Your post is a hyperbole, but Spotify's desktop client does this already for
free users. If you lower the volume below a certain level on the client while
an ad is playing, it will pause the ad until you raise the volume again.

------
DigitalSea
Adblock is the first extension I install and have done so for the last few
years, even back before Chrome was on the market and everyone was using
Firefox. I would like to point out that I DO disable Adblock for domains I
want to support like blogs and sites I don't mind seeing advertisements on.
However, I keep it on by default.

The problem for me is that I don't take too kindly to being tracked and
targeted by advertisements. Even though Adblock isn't a completely mitigation
of tracking, it does go a long way to try and make you less traceable by
advertisers. I also am not a fan of distasteful advertisements either. Case in
point: on The Pirate Bay I make sure I have Adblock installed before I go
there so I don't get bombarded with Russian bride or pornography
advertisements and popups.

Blocking advertisements is our right, this is ridiculous in my opinion.
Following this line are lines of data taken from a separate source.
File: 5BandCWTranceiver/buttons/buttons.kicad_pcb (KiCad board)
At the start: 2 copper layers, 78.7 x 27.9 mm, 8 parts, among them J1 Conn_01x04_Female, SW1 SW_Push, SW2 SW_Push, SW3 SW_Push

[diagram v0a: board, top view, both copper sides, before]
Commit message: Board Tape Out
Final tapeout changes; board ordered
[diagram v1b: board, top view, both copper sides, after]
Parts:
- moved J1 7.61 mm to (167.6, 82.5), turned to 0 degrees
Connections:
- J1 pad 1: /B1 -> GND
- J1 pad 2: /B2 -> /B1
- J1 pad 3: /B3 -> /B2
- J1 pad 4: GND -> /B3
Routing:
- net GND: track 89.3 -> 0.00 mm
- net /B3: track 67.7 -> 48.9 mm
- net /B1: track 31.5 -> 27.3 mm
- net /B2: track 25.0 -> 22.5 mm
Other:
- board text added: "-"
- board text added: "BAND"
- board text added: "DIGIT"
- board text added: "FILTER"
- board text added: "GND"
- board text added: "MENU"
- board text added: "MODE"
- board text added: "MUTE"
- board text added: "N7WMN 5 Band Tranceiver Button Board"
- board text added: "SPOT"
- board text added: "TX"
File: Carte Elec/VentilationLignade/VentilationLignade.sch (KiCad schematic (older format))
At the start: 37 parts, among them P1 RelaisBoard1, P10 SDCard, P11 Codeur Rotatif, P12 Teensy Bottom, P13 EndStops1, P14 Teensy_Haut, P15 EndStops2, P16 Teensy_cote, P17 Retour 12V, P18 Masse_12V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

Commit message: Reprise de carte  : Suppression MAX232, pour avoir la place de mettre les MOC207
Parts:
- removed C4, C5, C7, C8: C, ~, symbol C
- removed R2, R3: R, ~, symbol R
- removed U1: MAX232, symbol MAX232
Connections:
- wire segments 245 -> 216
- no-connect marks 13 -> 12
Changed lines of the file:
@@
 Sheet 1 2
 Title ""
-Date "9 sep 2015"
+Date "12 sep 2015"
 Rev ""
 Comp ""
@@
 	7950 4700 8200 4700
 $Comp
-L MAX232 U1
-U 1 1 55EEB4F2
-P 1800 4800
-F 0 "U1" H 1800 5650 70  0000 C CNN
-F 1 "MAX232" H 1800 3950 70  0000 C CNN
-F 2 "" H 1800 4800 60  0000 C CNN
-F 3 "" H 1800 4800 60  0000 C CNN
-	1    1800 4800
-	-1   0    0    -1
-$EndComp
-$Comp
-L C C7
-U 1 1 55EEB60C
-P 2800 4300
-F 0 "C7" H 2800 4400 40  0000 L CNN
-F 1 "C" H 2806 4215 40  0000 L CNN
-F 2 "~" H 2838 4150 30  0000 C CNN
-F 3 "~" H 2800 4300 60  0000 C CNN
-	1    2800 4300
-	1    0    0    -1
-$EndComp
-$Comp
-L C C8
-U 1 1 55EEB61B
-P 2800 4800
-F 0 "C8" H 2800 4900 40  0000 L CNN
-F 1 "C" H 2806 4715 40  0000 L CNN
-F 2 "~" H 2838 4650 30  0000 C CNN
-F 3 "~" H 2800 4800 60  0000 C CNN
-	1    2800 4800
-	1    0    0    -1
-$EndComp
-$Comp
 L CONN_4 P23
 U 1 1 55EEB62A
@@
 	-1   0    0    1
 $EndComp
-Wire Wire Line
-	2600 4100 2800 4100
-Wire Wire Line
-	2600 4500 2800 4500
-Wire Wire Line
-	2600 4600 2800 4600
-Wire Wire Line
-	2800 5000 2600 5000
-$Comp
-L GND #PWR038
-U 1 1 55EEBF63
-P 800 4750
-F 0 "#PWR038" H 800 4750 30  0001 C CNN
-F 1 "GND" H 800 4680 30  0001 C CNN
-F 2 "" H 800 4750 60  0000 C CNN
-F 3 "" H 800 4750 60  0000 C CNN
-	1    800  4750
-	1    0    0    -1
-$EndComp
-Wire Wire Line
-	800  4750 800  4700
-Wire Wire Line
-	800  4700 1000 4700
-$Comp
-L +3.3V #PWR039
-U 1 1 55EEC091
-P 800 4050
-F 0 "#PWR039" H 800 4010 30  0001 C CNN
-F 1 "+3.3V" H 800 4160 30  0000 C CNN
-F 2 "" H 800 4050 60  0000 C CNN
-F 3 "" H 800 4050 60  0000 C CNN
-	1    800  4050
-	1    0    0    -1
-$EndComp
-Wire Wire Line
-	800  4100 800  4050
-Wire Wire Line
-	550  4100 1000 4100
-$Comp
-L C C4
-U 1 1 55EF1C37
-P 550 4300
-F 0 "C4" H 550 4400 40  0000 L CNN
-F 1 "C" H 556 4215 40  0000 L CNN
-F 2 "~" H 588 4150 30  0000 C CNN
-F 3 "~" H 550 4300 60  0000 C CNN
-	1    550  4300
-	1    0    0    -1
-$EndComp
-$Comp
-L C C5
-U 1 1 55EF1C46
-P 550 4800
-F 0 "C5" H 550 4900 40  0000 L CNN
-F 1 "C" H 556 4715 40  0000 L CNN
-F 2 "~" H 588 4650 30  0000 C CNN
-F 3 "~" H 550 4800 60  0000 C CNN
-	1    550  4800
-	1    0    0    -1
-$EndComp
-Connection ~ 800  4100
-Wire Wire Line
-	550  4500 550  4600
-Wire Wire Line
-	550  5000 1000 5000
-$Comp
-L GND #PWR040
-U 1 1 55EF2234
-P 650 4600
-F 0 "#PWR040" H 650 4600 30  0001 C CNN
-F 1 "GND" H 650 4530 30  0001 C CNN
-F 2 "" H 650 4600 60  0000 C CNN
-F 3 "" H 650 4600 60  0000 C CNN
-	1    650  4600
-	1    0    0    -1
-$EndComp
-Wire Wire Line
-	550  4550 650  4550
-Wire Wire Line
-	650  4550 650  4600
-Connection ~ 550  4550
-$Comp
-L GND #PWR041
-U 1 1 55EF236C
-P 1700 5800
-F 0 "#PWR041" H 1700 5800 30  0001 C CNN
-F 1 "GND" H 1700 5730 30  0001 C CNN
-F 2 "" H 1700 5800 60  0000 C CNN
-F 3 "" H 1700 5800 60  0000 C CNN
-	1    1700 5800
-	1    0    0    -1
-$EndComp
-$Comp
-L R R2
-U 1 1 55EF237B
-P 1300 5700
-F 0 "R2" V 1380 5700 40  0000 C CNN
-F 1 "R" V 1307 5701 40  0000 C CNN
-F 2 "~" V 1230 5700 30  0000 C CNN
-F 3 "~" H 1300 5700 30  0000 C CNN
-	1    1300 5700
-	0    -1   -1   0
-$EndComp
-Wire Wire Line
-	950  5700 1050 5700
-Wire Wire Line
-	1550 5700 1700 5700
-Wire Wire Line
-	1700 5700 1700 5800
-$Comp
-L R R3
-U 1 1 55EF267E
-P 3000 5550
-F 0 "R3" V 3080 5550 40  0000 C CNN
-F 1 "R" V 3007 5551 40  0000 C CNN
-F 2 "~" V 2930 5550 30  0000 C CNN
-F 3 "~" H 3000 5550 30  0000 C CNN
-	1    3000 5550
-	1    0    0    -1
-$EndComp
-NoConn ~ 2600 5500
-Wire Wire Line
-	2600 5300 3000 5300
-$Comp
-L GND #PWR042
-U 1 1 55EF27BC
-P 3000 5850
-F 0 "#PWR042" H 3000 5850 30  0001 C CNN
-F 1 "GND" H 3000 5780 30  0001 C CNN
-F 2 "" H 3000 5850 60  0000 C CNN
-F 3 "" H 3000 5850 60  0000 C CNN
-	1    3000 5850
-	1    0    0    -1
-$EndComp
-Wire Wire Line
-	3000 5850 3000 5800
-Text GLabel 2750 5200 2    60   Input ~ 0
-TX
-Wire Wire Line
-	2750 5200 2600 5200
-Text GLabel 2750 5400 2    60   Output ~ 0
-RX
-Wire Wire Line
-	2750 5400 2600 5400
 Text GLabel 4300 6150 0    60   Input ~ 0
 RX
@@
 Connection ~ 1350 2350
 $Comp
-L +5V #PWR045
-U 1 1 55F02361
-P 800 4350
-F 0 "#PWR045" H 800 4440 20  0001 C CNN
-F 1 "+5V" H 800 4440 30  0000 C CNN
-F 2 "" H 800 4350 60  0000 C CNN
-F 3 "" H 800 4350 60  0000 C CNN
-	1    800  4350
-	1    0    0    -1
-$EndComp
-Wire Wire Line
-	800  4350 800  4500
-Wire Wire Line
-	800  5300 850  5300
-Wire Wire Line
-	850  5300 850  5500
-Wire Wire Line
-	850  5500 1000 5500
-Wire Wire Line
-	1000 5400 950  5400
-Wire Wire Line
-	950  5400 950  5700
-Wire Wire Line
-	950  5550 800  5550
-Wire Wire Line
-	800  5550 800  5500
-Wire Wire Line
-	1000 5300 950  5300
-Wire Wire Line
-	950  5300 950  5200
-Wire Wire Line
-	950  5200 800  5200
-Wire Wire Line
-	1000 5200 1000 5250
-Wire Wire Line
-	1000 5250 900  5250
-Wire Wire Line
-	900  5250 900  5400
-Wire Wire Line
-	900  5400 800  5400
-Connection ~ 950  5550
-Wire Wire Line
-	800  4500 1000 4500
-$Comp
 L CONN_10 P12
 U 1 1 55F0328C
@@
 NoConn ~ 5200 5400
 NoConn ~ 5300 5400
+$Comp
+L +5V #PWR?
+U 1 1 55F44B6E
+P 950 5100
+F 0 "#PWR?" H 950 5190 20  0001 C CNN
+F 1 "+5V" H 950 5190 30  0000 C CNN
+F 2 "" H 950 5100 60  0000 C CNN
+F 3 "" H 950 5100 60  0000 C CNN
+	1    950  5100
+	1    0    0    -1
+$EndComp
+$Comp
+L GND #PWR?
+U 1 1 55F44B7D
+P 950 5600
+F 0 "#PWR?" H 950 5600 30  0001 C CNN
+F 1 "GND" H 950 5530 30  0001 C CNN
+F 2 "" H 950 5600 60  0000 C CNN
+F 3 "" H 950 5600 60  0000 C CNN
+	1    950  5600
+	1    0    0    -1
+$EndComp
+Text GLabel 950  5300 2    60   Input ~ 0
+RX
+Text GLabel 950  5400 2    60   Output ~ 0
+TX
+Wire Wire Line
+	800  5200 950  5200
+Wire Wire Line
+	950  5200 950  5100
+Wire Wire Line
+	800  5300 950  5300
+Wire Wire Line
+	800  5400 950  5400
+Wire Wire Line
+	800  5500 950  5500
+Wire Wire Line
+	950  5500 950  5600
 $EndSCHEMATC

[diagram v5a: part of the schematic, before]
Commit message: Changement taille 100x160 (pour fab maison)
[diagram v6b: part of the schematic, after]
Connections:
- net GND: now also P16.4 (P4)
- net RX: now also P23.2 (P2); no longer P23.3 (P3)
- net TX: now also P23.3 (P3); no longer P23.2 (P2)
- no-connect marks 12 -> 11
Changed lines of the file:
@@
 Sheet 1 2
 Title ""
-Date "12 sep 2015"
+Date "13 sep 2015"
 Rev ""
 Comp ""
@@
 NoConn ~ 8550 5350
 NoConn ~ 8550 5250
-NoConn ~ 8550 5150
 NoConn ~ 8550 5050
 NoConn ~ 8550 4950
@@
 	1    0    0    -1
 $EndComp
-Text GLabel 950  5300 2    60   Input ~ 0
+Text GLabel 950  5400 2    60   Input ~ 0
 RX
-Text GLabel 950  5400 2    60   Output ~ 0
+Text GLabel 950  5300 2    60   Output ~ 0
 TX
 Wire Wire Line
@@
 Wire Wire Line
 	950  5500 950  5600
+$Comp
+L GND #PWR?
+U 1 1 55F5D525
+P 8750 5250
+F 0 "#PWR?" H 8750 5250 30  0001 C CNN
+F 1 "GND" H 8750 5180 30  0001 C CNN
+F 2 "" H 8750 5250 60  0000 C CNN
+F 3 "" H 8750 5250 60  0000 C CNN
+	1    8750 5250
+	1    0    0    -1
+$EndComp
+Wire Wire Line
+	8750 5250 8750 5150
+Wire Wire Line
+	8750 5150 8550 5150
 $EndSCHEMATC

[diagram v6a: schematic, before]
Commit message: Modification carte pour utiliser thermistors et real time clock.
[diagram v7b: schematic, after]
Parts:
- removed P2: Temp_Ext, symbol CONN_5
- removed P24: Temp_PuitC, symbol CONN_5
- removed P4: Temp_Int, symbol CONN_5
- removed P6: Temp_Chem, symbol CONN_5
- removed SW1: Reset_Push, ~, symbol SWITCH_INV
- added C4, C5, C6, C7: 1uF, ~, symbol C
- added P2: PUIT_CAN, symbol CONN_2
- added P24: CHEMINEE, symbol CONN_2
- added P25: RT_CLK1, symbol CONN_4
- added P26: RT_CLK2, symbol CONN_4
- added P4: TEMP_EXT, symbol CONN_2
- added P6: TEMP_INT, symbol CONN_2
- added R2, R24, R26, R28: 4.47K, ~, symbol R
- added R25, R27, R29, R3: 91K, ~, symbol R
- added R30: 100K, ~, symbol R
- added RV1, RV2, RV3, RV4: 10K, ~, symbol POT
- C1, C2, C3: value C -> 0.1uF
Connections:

If
users want to block advertisements, then, they can either detect Adblock
(which can be easily done) and restrict access or find other ways to make
money that doesn't involve spamming banner and sidebar advertisements. I don't
install Adblock to deliberately take away money from websites that need ads
for support, I install it because there is a lot of bad advertising out there.

I don't think such a case would go very far, but it will be interesting either
way to see how far this goes and if the tactic of forcing the creator of
Adblock to settle or go bankrupt is employed like it is elsewhere to eliminate
threats like the copyright industry like to use.

------
akafred
OkCupid has (or had, at least, haven't visited in a while) a pretty decent
approach to ad blockers. They detect that you block ads and (after explaining
that ads are a big part of the revenue of their service, for which you
currently pay nada ...) offer you an option to pay a small sum not to have to
see ads (or you can turn ads back on).